La primera vez que Patricia Tévez acudió a la fiscalía de Buenos Aires, Argentina, para exigir que el sistema hiciera algo para proteger a su marido, que estaba siendo torturado y violentado dentro de una prisión, se sintió perdida y sola. Con sus dos hijos pequeños a su lado, se quedó en la oficina sin apoyo y sin saber qué hacer a continuación. Lo que sí sabía es que si no hacía algo, su marido podría ser asesinado. Las autoridades le dijeron que todo estaba bien.
Fue entonces cuando Patricia conoció a Andrea Casamento, la madre de un joven que había estado en una situación muy similar. Ella había recibido llamadas de su hijo, que estaba recluido en el Centro Penitenciario de Ezeiza, un departamento a 20 kilómetros al sur de la capital del país, diciendo que lo único que tenía era ropa interior, y que había pasado muchas horas sin comer. Le dijo que si no encontraba pronto una forma de salir de la cárcel, se quitaría la vida.
Patricia recuerda bien esa sensación: «Nuestros familiares nos dicen ‘vete a la oficina del Defensor del Pueblo, di esto o aquello’, pero nos explican las cosas con palabras que no entendemos. Las familiares no somos abogados. Por eso las familiares no van, no preguntan y no reclaman sus derechos».
Andrea y Patricia se han enfrentado a la realidad de miles de mujeres cuyos familiares están en prisión: enfrentarse a un intrincado laberinto de instituciones, mecanismos y vulnerabilidades que violan sistemáticamente los derechos de sus seres queridos, así como los suyos propios.

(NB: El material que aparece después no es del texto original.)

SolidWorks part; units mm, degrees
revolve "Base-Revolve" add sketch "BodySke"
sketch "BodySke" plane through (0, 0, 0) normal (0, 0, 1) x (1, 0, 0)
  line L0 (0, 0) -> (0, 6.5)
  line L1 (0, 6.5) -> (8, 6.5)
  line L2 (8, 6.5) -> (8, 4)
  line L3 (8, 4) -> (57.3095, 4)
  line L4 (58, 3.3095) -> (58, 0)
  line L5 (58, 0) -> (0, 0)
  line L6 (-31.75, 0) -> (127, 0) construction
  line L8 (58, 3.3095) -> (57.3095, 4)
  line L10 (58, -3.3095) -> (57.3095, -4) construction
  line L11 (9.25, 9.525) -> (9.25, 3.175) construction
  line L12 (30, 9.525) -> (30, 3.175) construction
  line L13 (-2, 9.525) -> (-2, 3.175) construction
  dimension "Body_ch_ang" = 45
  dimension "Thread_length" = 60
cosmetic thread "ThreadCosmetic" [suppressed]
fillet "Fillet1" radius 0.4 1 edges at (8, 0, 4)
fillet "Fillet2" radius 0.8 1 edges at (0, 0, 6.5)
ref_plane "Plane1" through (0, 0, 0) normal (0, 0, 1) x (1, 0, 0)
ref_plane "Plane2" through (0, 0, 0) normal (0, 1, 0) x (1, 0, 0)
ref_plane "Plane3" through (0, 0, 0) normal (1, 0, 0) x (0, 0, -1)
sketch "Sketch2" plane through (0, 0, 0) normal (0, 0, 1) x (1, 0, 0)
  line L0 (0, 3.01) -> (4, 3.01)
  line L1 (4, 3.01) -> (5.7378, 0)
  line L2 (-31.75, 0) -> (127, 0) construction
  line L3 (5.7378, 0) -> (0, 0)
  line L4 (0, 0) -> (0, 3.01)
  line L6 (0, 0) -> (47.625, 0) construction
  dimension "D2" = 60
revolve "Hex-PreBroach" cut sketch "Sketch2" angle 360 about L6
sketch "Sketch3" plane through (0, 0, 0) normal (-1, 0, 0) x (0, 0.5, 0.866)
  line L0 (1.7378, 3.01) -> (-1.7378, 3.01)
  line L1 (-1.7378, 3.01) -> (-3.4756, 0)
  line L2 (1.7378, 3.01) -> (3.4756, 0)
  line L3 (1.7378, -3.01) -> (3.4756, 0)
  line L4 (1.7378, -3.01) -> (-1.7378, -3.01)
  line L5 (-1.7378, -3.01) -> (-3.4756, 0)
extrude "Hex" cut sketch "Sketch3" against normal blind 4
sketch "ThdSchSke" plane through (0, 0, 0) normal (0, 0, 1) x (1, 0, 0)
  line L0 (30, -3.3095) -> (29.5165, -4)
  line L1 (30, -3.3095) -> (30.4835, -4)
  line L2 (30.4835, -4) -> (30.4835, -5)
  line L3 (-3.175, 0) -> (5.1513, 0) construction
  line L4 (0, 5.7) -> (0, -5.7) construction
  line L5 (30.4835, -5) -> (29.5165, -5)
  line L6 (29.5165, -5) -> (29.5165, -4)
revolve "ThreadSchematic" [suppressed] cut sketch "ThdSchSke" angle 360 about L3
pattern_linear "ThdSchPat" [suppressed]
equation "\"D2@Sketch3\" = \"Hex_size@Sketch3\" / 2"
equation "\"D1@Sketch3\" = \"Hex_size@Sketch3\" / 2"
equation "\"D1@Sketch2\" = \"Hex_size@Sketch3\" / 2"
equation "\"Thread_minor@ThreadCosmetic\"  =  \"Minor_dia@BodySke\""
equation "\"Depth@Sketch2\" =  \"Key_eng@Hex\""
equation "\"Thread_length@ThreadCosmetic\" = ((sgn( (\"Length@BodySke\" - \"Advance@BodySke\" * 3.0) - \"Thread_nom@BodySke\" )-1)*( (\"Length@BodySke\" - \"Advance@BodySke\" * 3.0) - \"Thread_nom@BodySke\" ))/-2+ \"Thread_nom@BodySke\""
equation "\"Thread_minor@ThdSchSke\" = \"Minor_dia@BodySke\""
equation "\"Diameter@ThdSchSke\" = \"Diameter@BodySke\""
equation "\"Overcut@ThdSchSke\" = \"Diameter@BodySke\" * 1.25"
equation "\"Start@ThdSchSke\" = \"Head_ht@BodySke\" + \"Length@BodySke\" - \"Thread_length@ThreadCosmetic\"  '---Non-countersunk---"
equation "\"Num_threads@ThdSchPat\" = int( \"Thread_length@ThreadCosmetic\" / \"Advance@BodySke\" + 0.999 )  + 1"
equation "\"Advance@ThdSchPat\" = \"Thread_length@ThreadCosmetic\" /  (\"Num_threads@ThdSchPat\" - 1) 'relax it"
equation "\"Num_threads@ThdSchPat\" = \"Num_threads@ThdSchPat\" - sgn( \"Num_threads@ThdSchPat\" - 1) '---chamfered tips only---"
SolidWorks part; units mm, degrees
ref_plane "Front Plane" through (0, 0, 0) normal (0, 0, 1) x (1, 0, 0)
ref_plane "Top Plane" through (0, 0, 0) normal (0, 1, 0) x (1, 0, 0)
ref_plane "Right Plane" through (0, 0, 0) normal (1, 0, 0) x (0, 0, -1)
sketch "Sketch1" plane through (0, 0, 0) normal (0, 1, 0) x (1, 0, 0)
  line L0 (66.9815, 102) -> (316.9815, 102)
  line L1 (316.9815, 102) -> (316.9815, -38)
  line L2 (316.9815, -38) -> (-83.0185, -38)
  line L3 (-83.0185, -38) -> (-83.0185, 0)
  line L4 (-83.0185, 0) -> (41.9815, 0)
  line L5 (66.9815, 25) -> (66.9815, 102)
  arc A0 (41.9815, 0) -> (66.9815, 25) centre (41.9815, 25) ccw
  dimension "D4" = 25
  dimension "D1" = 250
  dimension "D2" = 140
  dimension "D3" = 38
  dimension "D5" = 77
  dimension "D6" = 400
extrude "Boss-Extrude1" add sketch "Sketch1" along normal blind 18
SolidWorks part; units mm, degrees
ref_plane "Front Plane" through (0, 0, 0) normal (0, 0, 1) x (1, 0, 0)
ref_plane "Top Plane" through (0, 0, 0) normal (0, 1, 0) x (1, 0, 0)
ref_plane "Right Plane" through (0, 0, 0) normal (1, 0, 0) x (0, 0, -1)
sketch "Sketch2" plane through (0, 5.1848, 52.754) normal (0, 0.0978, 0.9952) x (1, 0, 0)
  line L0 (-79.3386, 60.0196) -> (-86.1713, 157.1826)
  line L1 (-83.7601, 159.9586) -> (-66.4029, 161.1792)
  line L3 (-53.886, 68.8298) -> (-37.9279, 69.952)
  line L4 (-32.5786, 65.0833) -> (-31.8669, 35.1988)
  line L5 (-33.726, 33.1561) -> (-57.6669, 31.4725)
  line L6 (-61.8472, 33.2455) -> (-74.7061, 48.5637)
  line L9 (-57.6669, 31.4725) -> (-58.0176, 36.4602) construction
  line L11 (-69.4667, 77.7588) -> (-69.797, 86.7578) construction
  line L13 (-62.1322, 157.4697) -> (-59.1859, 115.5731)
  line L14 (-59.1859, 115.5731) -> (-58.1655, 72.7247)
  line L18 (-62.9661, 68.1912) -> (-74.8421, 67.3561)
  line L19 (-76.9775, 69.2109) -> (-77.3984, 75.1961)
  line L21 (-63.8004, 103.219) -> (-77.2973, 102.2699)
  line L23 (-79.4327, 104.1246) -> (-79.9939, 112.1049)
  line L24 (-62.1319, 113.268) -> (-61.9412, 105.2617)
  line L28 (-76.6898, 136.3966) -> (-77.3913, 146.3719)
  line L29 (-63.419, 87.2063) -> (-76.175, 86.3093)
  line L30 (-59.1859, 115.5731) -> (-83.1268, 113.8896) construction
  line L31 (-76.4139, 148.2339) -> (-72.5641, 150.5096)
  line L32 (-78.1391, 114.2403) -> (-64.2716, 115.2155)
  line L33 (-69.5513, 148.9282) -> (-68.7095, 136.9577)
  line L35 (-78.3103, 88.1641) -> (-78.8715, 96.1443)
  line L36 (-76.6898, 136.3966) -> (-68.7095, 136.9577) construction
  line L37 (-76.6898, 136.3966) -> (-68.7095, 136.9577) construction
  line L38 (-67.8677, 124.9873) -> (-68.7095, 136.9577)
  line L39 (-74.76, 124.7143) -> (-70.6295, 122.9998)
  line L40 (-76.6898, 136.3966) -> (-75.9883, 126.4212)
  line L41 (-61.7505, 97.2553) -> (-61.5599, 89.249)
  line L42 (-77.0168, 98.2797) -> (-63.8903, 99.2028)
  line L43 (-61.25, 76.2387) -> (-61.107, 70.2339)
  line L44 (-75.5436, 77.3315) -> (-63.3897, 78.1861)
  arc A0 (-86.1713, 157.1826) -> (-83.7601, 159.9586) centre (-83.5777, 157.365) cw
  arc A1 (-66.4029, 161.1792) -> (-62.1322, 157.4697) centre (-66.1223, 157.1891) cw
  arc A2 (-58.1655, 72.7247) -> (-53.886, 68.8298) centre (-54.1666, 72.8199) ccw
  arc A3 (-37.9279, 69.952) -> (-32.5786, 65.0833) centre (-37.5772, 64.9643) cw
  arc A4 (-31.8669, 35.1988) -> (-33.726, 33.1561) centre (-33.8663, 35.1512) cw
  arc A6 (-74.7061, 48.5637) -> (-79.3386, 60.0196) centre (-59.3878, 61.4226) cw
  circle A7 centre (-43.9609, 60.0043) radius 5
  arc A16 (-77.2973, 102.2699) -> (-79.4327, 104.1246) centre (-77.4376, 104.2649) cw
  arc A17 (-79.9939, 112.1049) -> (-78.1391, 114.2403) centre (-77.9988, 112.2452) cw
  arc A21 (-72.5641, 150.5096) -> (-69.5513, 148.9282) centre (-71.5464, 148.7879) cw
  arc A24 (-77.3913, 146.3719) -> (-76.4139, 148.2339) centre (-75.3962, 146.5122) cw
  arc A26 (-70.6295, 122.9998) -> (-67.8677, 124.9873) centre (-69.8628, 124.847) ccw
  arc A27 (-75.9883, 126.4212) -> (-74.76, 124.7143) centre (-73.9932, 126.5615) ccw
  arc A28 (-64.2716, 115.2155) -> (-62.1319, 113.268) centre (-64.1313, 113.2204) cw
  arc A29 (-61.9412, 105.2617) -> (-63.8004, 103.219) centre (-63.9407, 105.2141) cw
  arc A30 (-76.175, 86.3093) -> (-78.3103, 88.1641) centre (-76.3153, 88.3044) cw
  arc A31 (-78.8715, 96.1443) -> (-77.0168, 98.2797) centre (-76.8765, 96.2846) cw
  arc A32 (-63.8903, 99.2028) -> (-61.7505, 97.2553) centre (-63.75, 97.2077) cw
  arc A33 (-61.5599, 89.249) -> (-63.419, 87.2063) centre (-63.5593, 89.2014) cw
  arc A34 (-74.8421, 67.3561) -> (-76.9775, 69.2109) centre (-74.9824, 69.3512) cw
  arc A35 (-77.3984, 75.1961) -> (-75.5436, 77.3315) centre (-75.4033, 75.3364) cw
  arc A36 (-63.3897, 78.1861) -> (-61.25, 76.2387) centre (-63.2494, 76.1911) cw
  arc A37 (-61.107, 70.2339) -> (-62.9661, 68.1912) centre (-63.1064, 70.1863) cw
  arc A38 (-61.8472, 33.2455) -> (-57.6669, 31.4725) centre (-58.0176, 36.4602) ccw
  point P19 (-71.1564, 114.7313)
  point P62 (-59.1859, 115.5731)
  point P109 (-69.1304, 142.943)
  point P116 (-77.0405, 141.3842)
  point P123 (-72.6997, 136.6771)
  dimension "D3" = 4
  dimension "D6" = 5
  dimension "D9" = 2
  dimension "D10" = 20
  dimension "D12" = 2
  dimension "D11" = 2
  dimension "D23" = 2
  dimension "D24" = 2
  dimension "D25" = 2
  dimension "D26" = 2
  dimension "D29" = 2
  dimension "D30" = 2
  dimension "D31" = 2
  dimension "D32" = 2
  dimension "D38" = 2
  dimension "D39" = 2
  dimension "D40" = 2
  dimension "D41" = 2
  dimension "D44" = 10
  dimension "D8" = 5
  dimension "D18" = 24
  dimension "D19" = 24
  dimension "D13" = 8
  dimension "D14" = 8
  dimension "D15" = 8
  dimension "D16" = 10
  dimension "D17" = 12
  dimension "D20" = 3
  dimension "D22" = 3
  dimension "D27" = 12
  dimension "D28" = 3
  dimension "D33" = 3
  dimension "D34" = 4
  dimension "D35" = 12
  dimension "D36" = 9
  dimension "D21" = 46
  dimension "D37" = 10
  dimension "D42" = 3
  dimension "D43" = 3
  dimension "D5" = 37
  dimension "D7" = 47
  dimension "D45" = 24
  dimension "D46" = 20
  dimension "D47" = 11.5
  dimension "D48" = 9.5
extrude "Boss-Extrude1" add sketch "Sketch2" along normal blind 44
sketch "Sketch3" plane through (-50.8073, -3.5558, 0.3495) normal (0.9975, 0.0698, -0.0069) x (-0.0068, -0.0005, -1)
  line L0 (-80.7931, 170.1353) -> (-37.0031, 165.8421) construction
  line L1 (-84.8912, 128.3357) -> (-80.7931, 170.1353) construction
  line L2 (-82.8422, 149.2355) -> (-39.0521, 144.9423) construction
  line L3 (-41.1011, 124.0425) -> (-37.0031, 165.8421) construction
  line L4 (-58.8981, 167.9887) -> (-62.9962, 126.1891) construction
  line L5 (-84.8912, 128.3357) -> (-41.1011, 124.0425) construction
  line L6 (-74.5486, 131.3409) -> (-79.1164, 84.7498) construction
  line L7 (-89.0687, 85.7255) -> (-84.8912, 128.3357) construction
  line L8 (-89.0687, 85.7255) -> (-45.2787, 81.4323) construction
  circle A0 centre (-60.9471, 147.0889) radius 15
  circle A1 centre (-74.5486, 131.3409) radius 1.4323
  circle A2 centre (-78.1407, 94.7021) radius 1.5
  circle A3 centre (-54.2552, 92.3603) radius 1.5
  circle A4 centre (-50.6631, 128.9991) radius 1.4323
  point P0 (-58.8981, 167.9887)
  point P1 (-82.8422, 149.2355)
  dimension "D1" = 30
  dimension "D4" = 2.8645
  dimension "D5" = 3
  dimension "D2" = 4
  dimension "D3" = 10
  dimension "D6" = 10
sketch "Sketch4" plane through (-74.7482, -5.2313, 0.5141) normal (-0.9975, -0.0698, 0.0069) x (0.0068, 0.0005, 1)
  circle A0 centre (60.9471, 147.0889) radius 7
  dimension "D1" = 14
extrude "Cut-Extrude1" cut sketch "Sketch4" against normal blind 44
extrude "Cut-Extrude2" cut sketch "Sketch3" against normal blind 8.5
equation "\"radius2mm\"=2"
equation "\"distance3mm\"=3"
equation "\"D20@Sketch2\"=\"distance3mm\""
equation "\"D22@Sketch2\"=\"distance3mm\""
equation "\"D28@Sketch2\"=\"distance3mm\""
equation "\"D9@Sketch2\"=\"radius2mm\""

Según explica Coletta Youngers, la asesora principal de WOLA, «La narrativa de los derechos humanos en torno a los sistemas penitenciarios en América Latina se ha centrado en gran medida en las personas que están dentro de las rejas. Pero también debemos tener en cuenta, desde una perspectiva de género, quiénes se quedan detrás cuando las personas son detenidas y cómo sus vidas cambian prácticamente de la noche a la mañana».
Las mujeres constituyen la mayoría de las personas que cuidan de las personas privadas de libertad en toda América Latina. A menudo son las responsables de conseguir alimentos, medicinas y otras necesidades esenciales que los Estados no proporcionan.
La situación es notablemente diferente cuando miramos a las mujeres que están detenidas. Patricia hace una dura comparación: “Vos vas a las cárceles de mujeres y ves que son muy poquitas las mujeres que reciben visitas de sus esposos. Pero en las cárceles de hombres es interminable la cola de mamás, abuelas, hermanas y esposas que se hacen cargo de sus hogares y de ellos también. […] Que le alcance la mercadería, que reciba remedios, hacer los trámites, la papelería, etc. Las mujeres nos encargamos de todo”.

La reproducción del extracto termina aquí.